Each of these customer segments have different needs from the product because they’re trying to solve (sometimes subtly) different problems and so need a slightly different solution. For each segment of users, with their own use case, a company will typically have a landing page which pitches the prospective user on why the product is perfect for their use case and attempts to convert them into a user. Landing pages are what a majority of new users will experience as their first touch-point with a company and they are a great solution that allows you to make very separate pitches to different groups of users who will discover your product through different ways. You can then independently refine and experiment with these pitches to maximize each of your mini funnel-feeders, market and advertise them separately & targetedly with very clear performance and ROI indicators.

Things are a little different in mobile. You get one landing page. Your App Store page (I’m going to write this assuming the iPhone App Store, but it holds true for Google Play too). On this page, you are expected to make one universal pitch that should be perfectly persuasive to every type of user your product is useful for. You have one name (probably a good thing), one icon, and one really long barely-readable dark gray on slightly less dark gray text area to tell them what you do and why it’s going to make all of their troubles go away. Nobody reads beyond the first 2-3 lines anyway, so you have 2-3 lines to tell every potential user why it’s right for their use case and then some generic screenshots.

This seems crazy and is a massive step backwards in good marketing – so how do you solve this problem? A landing page is to a web App, what a mobile App is to a mobile App.

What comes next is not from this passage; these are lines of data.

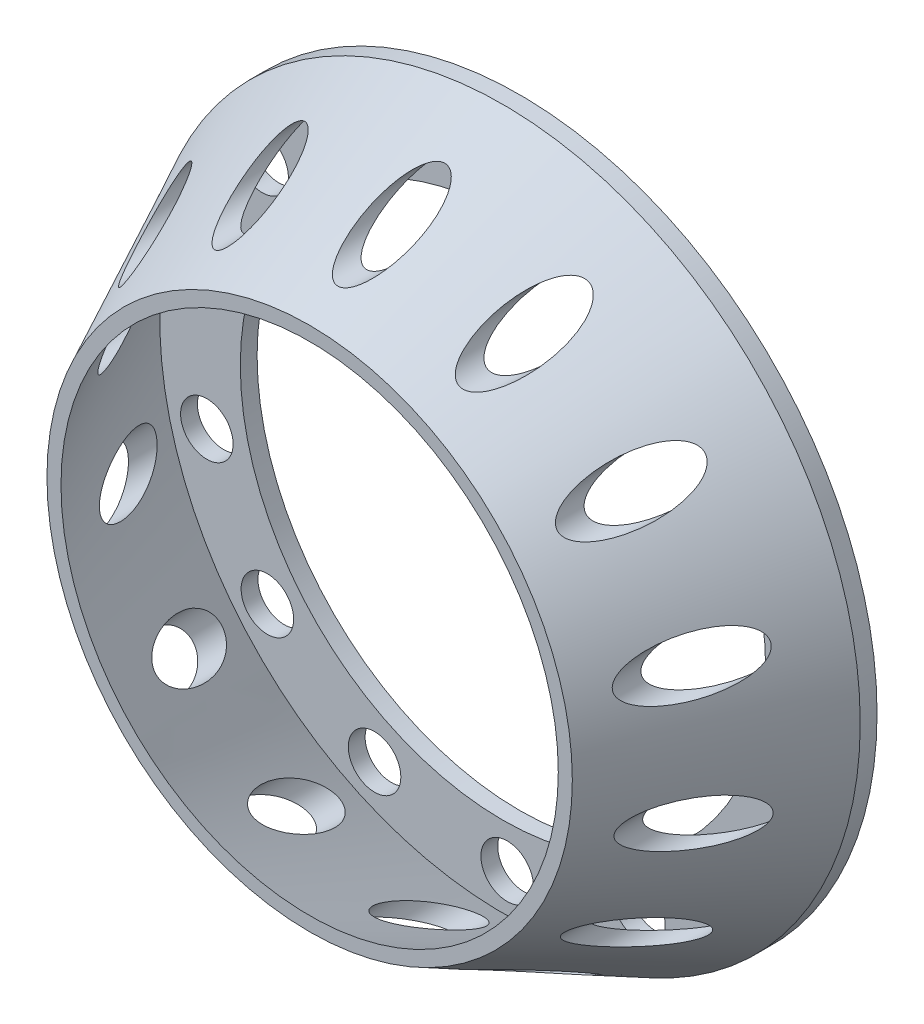
from build123d import *

# Parameters (mm, degrees)
SKETCH1_R           = 34
SKETCH2_R           = 25
SHELL1_T            = -1.2
SKETCH3_R           = 34
SKETCH3_R_2         = 25
BOSS_EXTRUDE1_DEPTH = 1.6
SKETCH4_R           = 2.5
CUT_EXTRUDE1_DEPTH  = 53.076866396


with BuildPart() as part:
    # Sketch1 → Loft1 section 0
    with BuildSketch(Plane.XY):
        Circle(SKETCH1_R)
    # Sketch2 → Loft1 section 1
    with BuildSketch(Plane.XY.offset(18.4)):
        Circle(SKETCH2_R)
    loft()

    # Shell1
    shell1_openings = [part.faces().sort_by_distance(p)[0] for p in [
        (0, 0, 18.4),
        (0, 0, 0),
    ]]
    offset(amount=SHELL1_T, openings=shell1_openings, kind=Kind.INTERSECTION)

    # Sketch3 → Boss-Extrude1 (add)
    with BuildSketch(Plane.XY):
        Circle(SKETCH3_R)
        Circle(SKETCH3_R_2, mode=Mode.SUBTRACT)
    extrude(amount=-BOSS_EXTRUDE1_DEPTH)

    # Sketch4 → Cut-Extrude1 (cut, through all)
    with BuildSketch(Plane.XY.offset(18.4)):
        with Locations((-22.920050227, 17.767140952)):
            Circle(SKETCH4_R)
        with Locations((-12.941378155, 25.952277962)):
            Circle(SKETCH4_R)
        with Locations((-0.399507425, 28.997248039)):
            Circle(SKETCH4_R)
        with Locations((12.221490651, 26.298957513)):
            Circle(SKETCH4_R)
        with Locations((22.421872616, 18.391835916)):
            Circle(SKETCH4_R)
        with Locations((28.181327724, 6.841985655)):
            Circle(SKETCH4_R)
        with Locations((28.359125255, -6.063003776)):
            Circle(SKETCH4_R)
        with Locations((22.920050227, -17.767140952)):
            Circle(SKETCH4_R)
        with Locations((12.941378156, -25.952277962)):
            Circle(SKETCH4_R)
        with Locations((0.399507425, -28.997248039)):
            Circle(SKETCH4_R)
        with Locations((-12.221490651, -26.298957513)):
            Circle(SKETCH4_R)
        with Locations((-22.421872616, -18.391835916)):
            Circle(SKETCH4_R)
        with Locations((-28.181327724, -6.841985655)):
            Circle(SKETCH4_R)
        with Locations((-28.359125255, 6.063003776)):
            Circle(SKETCH4_R)
    extrude(amount=-CUT_EXTRUDE1_DEPTH, mode=Mode.SUBTRACT)


solid = part.part

Apps are small pieces of software that are novel, fill a need, solve a problem etc.. There is no space for brands in mobile, only usefulness, novelness and coolness. So for each unique customer segment and use case that you have (i.e. the things you would make landing pages for), you should also have a separate, correctly positioned and marketed App in the store.

This gives a whole host of benefits, bringing most of the usefulness of a landing page to mobile:

  • You can make a clear, well-defined and targeted pitch for each use-case / customer segment
  • The Apps themselves can be more closely aligned with the use-case, with minor copy, UI adjustments and perhaps even inclusion and exclusion of relevant features.
  • Independent Apps can be marketed and performance of each can be tracked
  • You learn about your users. You know which use-cases your mobile users are engaging in, what they want to do on the go and can inform your product roadmap based on this information.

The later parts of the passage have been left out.